If you learned to make a boxplot in elementary school you probably learned to extend the whiskers to the maximum. You could read the Help page for geom_boxplot() and learn how to change 1.5 to some other value.
If you are using a box plot for your own information, you can do what makes sense, but if you are presentng it to others you should always explain what approach you took to this.
Here’s a second crucial point. Just because you identified a point as an outlier does not mean you know what to do about it. As an analyst you have to consider what the outlier means and how its presence should impact your analysis. Whatever you do you should record the decision and reasons for it completely and make sure to share that information with consumers of your work. This is an essential element of doing reproducible research.

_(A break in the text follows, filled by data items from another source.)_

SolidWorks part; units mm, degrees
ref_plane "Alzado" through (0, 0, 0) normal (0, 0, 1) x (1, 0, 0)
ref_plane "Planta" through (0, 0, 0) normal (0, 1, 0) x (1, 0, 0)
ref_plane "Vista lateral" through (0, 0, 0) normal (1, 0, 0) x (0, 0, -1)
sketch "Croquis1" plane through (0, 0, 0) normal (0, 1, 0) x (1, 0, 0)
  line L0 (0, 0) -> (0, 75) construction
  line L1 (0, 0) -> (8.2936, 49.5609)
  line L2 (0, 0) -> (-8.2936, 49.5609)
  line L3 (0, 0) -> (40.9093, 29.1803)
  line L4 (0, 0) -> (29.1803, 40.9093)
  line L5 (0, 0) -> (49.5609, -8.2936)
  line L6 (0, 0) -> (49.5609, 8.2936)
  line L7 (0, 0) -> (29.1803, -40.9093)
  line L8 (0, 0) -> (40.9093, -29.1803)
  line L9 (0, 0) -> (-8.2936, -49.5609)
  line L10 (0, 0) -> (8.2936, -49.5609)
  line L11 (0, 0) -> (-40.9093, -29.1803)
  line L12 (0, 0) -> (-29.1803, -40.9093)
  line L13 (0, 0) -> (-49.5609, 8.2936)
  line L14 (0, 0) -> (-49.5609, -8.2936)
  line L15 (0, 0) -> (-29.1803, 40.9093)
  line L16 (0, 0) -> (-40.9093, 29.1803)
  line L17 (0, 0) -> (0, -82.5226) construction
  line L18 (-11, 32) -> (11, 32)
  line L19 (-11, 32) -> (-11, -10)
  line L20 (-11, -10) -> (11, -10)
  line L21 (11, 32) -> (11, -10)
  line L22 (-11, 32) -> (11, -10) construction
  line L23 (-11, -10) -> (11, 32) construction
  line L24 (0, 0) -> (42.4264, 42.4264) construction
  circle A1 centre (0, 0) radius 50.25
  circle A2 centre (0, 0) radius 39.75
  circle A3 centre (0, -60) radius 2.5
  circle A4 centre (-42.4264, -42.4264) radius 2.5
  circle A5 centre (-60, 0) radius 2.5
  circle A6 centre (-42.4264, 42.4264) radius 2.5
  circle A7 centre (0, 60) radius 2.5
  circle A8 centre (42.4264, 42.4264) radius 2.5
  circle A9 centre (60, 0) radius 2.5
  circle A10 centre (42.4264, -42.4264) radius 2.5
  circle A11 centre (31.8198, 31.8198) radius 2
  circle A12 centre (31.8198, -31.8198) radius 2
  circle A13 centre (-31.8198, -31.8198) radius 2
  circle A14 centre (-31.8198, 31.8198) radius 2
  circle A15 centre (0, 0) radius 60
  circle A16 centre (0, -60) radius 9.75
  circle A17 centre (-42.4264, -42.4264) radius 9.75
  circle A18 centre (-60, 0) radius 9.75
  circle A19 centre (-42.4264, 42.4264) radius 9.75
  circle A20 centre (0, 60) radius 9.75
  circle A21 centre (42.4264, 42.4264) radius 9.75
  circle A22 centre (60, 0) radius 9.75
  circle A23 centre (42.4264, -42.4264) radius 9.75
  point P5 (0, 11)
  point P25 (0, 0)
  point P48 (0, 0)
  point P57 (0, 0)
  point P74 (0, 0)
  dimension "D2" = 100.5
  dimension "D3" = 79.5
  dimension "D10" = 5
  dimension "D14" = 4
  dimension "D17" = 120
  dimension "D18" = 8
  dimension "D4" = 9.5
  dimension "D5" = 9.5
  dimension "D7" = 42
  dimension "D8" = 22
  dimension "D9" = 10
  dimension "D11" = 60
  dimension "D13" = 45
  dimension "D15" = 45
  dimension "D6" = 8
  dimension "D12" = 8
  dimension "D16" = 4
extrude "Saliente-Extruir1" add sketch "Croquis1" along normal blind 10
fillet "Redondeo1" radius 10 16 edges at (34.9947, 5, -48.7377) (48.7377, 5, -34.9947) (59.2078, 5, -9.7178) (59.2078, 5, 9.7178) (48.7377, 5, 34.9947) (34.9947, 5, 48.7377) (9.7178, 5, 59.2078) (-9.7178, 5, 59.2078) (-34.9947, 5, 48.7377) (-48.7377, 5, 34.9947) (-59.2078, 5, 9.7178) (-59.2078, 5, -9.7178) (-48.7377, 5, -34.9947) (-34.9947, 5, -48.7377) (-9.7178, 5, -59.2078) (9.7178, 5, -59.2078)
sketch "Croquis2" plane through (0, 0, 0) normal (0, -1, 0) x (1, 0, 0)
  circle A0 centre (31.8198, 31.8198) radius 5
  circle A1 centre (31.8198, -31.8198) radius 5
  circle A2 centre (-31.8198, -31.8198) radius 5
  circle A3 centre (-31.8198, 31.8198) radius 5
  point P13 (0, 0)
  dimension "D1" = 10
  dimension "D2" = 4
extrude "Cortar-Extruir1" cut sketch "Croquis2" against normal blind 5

Now that you have seen how a box plot is created, you can understand why sometimes people are very confused by them. They are jam-packed with information and you could write many paragraphs just summarizing what our box plot shows us about these species of irises.
Here are ten statements based on our box plot. Make sure you understand why each one of them is true.
- More than 75% of virginica have longer sepal lengths than the median versicolor.
- All setosa have sepal lengths shorter than 75% of virginica.
- The longest setosa is about equal to the median versicolor.
- The shortest versicolor and shortest virginica are the same length.
- All of the irises with sepal length greater than 7 are virginica.
- All of the irises with sepal length less than 4.9 are setosa.
- The interquartile ranges for virginica and versicolor overlap but neither group’s median is in the overlapping area.
- The virginica species sepal length has one possible outlier.
- The variation of setosa is less than that of the other two species.
- THe virginica and versicolor distributions (centers, variation and shape) are more similar to each other than either is to the setosa.